1. Field of the Invention
The present invention generally relates to aiming, guiding, and hole forming for surgical procedures, and more particularly to a method and apparatus for determining coaxial alignment between fasteners and holes in a device which has been located within a bone.
2. Discussion of the Related Art
It is well known that many damaged and broken bones are repaired by the insertion by an intramedullary rod or pin. Also known as osteosynthesis aids, these rods or pins facilitate connection of the bone pieces together and are usually placed in the long axis of the damaged bone. If the bone is broken into two or more parts the rod stabilizes and secures the bone parts relative to each other to aid in proper healing and it also supports the bone during the healing process. Such a rod can have one, or more, holes drilled perpendicular to its longitudinal axis to allow fasteners to be inserted through the bone and into the rod to fix the rod""s location in the bone. In many instances holes must be drilled, or otherwise formed, in the bone before fasteners can be inserted through the bone and into the transverse rod holes. Of course, it is not possible to see the hole, or holes, in the rod once the rod has been inserted within the bone, so X-ray means are used to view the rod through the bone and determine where the transverse holes are located in the intramedullary rod.

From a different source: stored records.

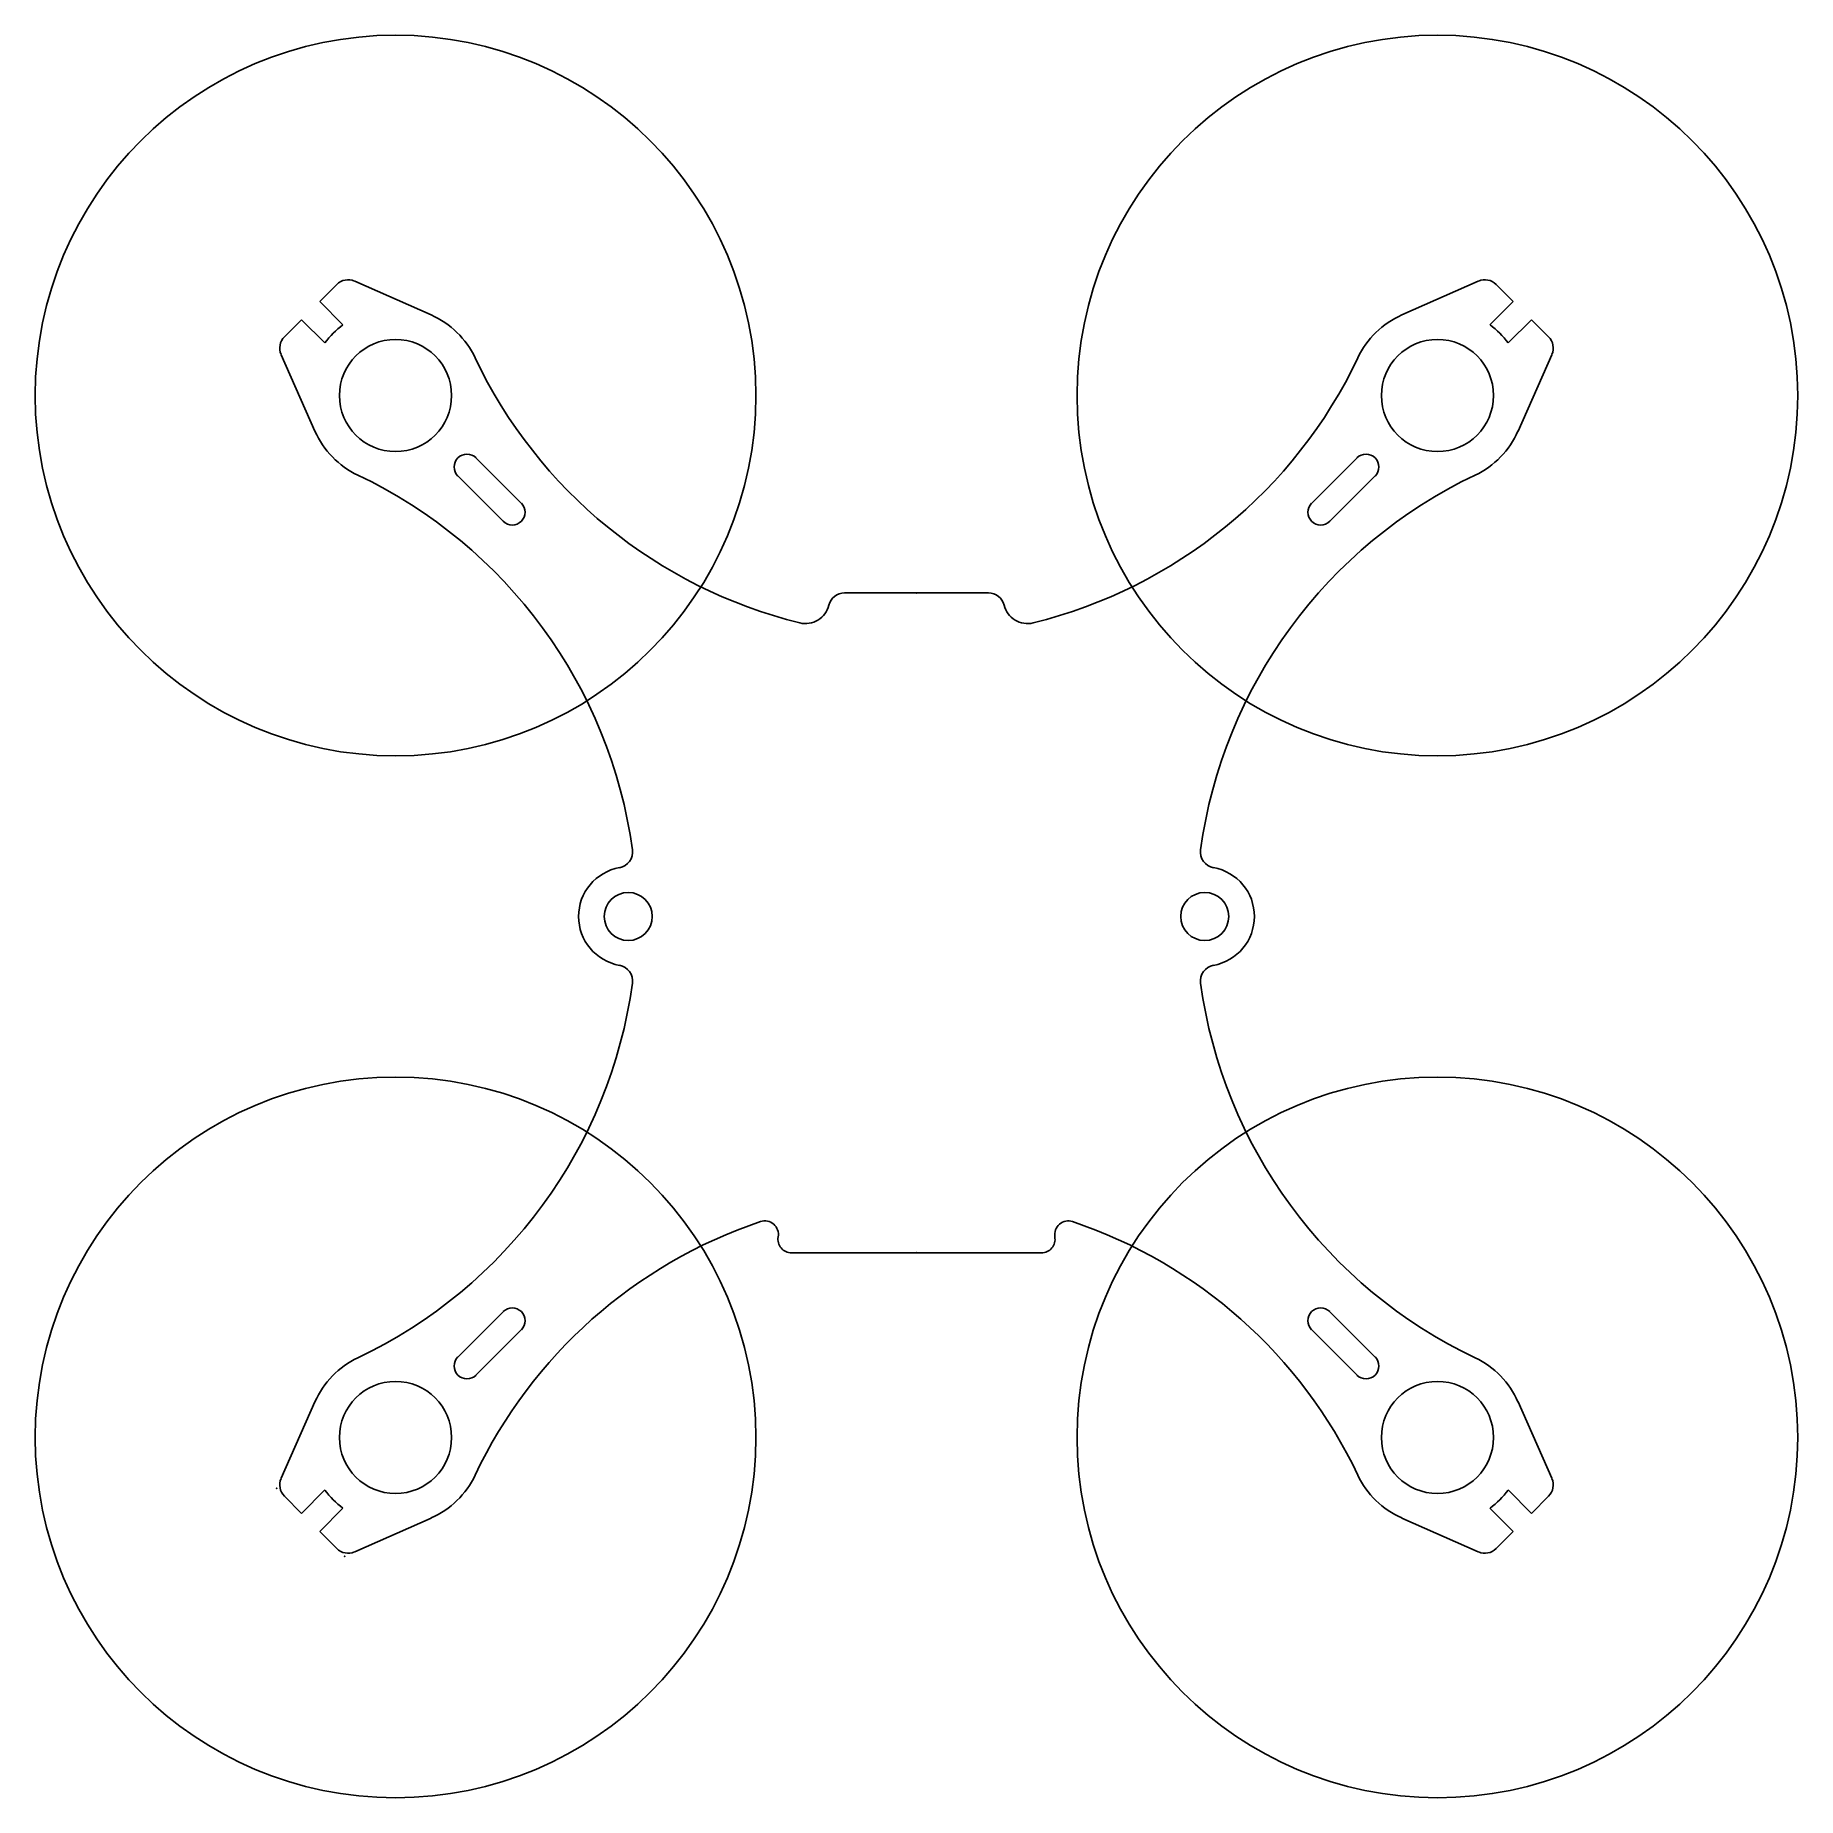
# Model space of a CAD drawing. Header units: millimetres. Extents: x 1 to 111, y -88 to 23.
import ezdxf

# ---------------------------------------------------------------- set-up
doc = ezdxf.new("R2010")
doc.units = ezdxf.units.MM
doc.header["$PDSIZE"] = -1

msp = doc.modelspace()

# ---------------------------------------------------------------- linework, layer by layer
at = {"color": 7, "linetype": 'Continuous'}
for p, q in [((18.49, 5.9), (19.56, 6.97)), ((20.67, 7.17), (25.45, 5.06)), ((90.83, 7.17), (86.05, 5.06)), ((93.01, 5.9), (91.94, 6.97)), ((19.94, 4.44), (18.49, 5.9)), ((91.56, 4.44), (93.01, 5.9)), ((16.28, 3.69), (17.35, 4.76)), ((18.81, 3.31), (17.35, 4.76)), ((92.69, 3.31), (94.15, 4.76)), ((95.22, 3.69), (94.15, 4.76)), ((16.08, 2.58), (18.19, -2.2)), ((95.42, 2.58), (93.31, -2.2)), ((28.24, -3.86), (31.07, -6.69)), ((83.26, -3.86), (80.43, -6.69)), ((27.11, -4.99), (29.94, -7.82)), ((84.39, -4.99), (81.56, -7.82)), ((51.25, -12.3), (60.25, -12.3)), ((47.95, -53.5), (63.55, -53.5)), ((27.11, -60.01), (29.94, -57.18)), ((84.39, -60.01), (81.56, -57.18)), ((28.24, -61.14), (31.07, -58.31)), ((83.26, -61.14), (80.43, -58.31)), ((16.08, -67.58), (18.19, -62.8)), ((95.42, -67.58), (93.31, -62.8)), ((16.28, -68.69), (17.35, -69.77)), ((18.81, -68.31), (17.35, -69.77)), ((92.69, -68.31), (94.15, -69.77)), ((95.22, -68.69), (94.15, -69.77)), ((19.94, -69.44), (18.49, -70.9)), ((20.67, -72.17), (25.45, -70.06)), ((90.83, -72.17), (86.05, -70.06)), ((91.56, -69.44), (93.01, -70.9)), ((18.49, -70.9), (19.56, -71.97)), ((93.01, -70.9), (91.94, -71.97))]:
    msp.add_line(p, q, dxfattribs=at)
at = {"color": 7, "linetype": 'Continuous', "lineweight": 25}
for p, q in [((18.49, 5.9), (19.56, 6.97)), ((20.67, 7.17), (25.45, 5.06)), ((90.83, 7.17), (86.05, 5.06)), ((93.01, 5.9), (91.94, 6.97)), ((19.94, 4.44), (18.49, 5.9)), ((91.56, 4.44), (93.01, 5.9)), ((16.28, 3.69), (17.35, 4.76)), ((18.81, 3.31), (17.35, 4.76)), ((92.69, 3.31), (94.15, 4.76)), ((95.22, 3.69), (94.15, 4.76)), ((16.08, 2.58), (18.19, -2.2)), ((95.42, 2.58), (93.31, -2.2)), ((51.25, -12.3), (60.25, -12.3)), ((47.95, -53.5), (63.55, -53.5)), ((16.08, -67.58), (18.19, -62.8)), ((95.42, -67.58), (93.31, -62.8)), ((16.28, -68.69), (17.35, -69.77)), ((18.81, -68.31), (17.35, -69.77)), ((92.69, -68.31), (94.15, -69.77)), ((95.22, -68.69), (94.15, -69.77)), ((19.94, -69.44), (18.49, -70.9)), ((20.67, -72.17), (25.45, -70.06)), ((90.83, -72.17), (86.05, -70.06)), ((91.56, -69.44), (93.01, -70.9)), ((18.49, -70.9), (19.56, -71.97)), ((93.01, -70.9), (91.94, -71.97))]:
    msp.add_line(p, q, dxfattribs=at)
at = {"color": 7, "linetype": 'Continuous'}
for centre, radius in [((23.22, 0.03), 22.5), ((88.28, 0.03), 22.5), ((23.22, 0.03), 3.5), ((88.28, 0.03), 3.5), ((37.75, -32.5), 1.5), ((73.75, -32.5), 1.5), ((23.22, -65.03), 22.5), ((88.28, -65.03), 22.5), ((23.22, -65.03), 3.5), ((88.28, -65.03), 3.5)]:
    msp.add_circle(centre, radius, dxfattribs=at)
for centre, radius, start, end in [((20.26, 6.26), 1, 66.1113, 135), ((91.24, 6.26), 1, 45, 113.8887), ((23.22, 0.03), 5.5, 126.6364, 143.3636), ((23.22, 0.03), 5.5, 25.3746, 66.1113), ((88.28, 0.03), 5.5, 113.8887, 154.6254), ((88.28, 0.03), 5.5, 36.6364, 53.3636), ((16.99, 2.99), 1, 135, 203.8887), ((94.51, 2.99), 1, 336.1113, 45), ((55.75, 15.45), 30.5, 205.3746, 256.1777), ((55.75, 15.45), 30.5, 283.8223, 334.6254), ((23.22, 0.03), 5.5, 203.8887, 244.6254), ((88.28, 0.03), 5.5, 295.3746, 336.1113), ((27.68, -4.43), 0.8, 45, 225), ((83.82, -4.43), 0.8, 315, 135), ((7.8, -32.5), 30.5, 7.8601, 64.6254), ((103.7, -32.5), 30.5, 115.3746, 172.1399), ((30.51, -7.26), 0.8, 225, 45), ((80.99, -7.26), 0.8, 135, 315), ((48.82, -12.71), 1.5, 256.1777, 346.2561), ((51.25, -13.3), 1, 90, 166.2561), ((60.25, -13.3), 1, 13.7439, 90), ((62.68, -12.71), 1.5, 193.7439, 283.8223), ((37.02, -28.47), 1, 280.2748, 7.8601), ((74.48, -28.47), 1, 172.1399, 259.7252), ((37.75, -32.5), 3.1, 100.2748, 259.7252), ((73.75, -32.5), 3.1, 280.2748, 79.7252), ((37.02, -36.53), 1, 352.1399, 79.7252), ((74.48, -36.53), 1, 100.2748, 187.8601), ((7.8, -32.5), 30.5, 295.3746, 352.1399), ((103.7, -32.5), 30.5, 187.8601, 244.6254), ((55.75, -80.45), 30.5, 108.6362, 154.6254), ((46.28, -52.36), 0.85, 350.1369, 108.6362), ((65.23, -52.36), 0.85, 71.3638, 189.8631), ((55.75, -80.45), 30.5, 25.3746, 71.3638), ((47.95, -52.65), 0.85, 170.1369, 270), ((63.55, -52.65), 0.85, 270, 9.8631), ((30.51, -57.74), 0.8, 315, 135), ((80.99, -57.74), 0.8, 45, 225), ((23.22, -65.03), 5.5, 115.3746, 156.1113), ((27.68, -60.57), 0.8, 135, 315), ((83.82, -60.57), 0.8, 225, 45), ((88.28, -65.03), 5.5, 23.8887, 64.6254), ((16.99, -67.99), 1, 156.1113, 225), ((23.22, -65.03), 5.5, 293.8887, 334.6254), ((88.28, -65.03), 5.5, 205.3746, 246.1113), ((94.51, -67.99), 1, 315, 23.8887), ((23.22, -65.03), 5.5, 216.6364, 233.3636), ((88.28, -65.03), 5.5, 306.6364, 323.3636), ((20.26, -71.26), 1, 225, 293.8887), ((91.24, -71.26), 1, 246.1113, 315)]:
    msp.add_arc(centre, radius, start, end, dxfattribs=at)
at = {"color": 7, "linetype": 'Continuous', "lineweight": 25}
for centre, radius, start, end in [((20.26, 6.26), 1, 66.1113, 135), ((91.24, 6.26), 1, 45, 113.8887), ((23.22, 0.03), 5.5, 126.6364, 143.3636), ((23.22, 0.03), 5.5, 25.3746, 66.1113), ((88.28, 0.03), 5.5, 113.8887, 154.6254), ((88.28, 0.03), 5.5, 36.6364, 53.3636), ((16.99, 2.99), 1, 135, 203.8887), ((94.51, 2.99), 1, 336.1113, 45), ((55.75, 15.45), 30.5, 205.3746, 256.1777), ((55.75, 15.45), 30.5, 283.8223, 334.6254), ((23.22, 0.03), 5.5, 203.8887, 244.6254), ((88.28, 0.03), 5.5, 295.3746, 336.1113), ((7.8, -32.5), 30.5, 7.8601, 64.6254), ((103.7, -32.5), 30.5, 115.3746, 172.1399), ((48.82, -12.71), 1.5, 256.1777, 346.2561), ((51.25, -13.3), 1, 90, 166.2561), ((60.25, -13.3), 1, 13.7439, 90), ((62.68, -12.71), 1.5, 193.7439, 283.8223), ((37.02, -28.47), 1, 280.2748, 7.8601), ((74.48, -28.47), 1, 172.1399, 259.7252), ((37.75, -32.5), 3.1, 100.2748, 259.7252), ((73.75, -32.5), 3.1, 280.2748, 79.7252), ((37.02, -36.53), 1, 352.1399, 79.7252), ((74.48, -36.53), 1, 100.2748, 187.8601), ((7.8, -32.5), 30.5, 295.3746, 352.1399), ((103.7, -32.5), 30.5, 187.8601, 244.6254), ((55.75, -80.45), 30.5, 108.6362, 154.6254), ((46.28, -52.36), 0.85, 350.1369, 108.6362), ((65.23, -52.36), 0.85, 71.3638, 189.8631), ((55.75, -80.45), 30.5, 25.3746, 71.3638), ((47.95, -52.65), 0.85, 170.1369, 270), ((63.55, -52.65), 0.85, 270, 9.8631), ((23.22, -65.03), 5.5, 115.3746, 156.1113), ((88.28, -65.03), 5.5, 23.8887, 64.6254), ((16.99, -67.99), 1, 156.1113, 225), ((23.22, -65.03), 5.5, 293.8887, 334.6254), ((88.28, -65.03), 5.5, 205.3746, 246.1113), ((94.51, -67.99), 1, 315, 23.8887), ((23.22, -65.03), 5.5, 216.6364, 233.3636), ((88.28, -65.03), 5.5, 306.6364, 323.3636), ((20.26, -71.26), 1, 225, 293.8887), ((91.24, -71.26), 1, 246.1113, 315)]:
    msp.add_arc(centre, radius, start, end, dxfattribs=at)
at = {"color": 7, "linetype": 'Continuous'}
for p in [(55.75, -12.3), (55.75, -53.5), (15.8, -68.21), (20.04, -72.45)]:
    msp.add_point(p, dxfattribs=at)

doc.saveas('drawing.dxf')

Once the transverse intramedullary rod holes are found and their orientation is determined, a matching hole or set of holes must be formed in the bone. It is vital that holes formed in the bone and their matching rod holes are coaxially aligned. This coaxial alignment results in fasteners that are concentrically aligned with the rod holes, which assures that the fasteners indeed engage the rod holes and that the bone parts are not twisted or misaligned relative to each other when the fastener is inserted in the rod.
Aiming devices for coaxial bone hole formation are known in the art. They include spaced rings and wires which help the doctor determine the correct coaxial alignment for the hole, or holes, to be drilled in the bone. A source of X-ray radiation is arranged on one side of the procedure area, with an X-ray receiver on the other side. The doctor views the fractured bone, intramedullary rod, and aiming device through a X-ray imaging screen. The doctor then uses such an aiming device to determine the correct location and orientation for the holes to be drilled in the bone.
One of the problems encountered during the procedure is that once the correct orientation and location of the hole to be drilled in the bone has been found, the alignment device may drift on the slick bone surface or otherwise lose the correct orientation from contact with surrounding soft tissue and therefore the resulting hole is no longer optimally aligned. Additionally, if a drill is used to drill a hole through the bone, the drill can slip from the desired location and the resulting hole will be misaligned. Moreover, the drill must be maintained at the desired orientation throughout the drilling procedure, or else the resulting hole will not be coaxially aligned with the rod hole.
The present invention solves the problem of undesirable movement during a procedure with a cannulated system that allows for quick and accurate coaxial alignment with transverse holes located in a rod. Also, the invention allows for accurate location of a drill, accurate guiding of the drill, and also accurate guidance for fasteners, which are inserted through the bone and into the transverse holes.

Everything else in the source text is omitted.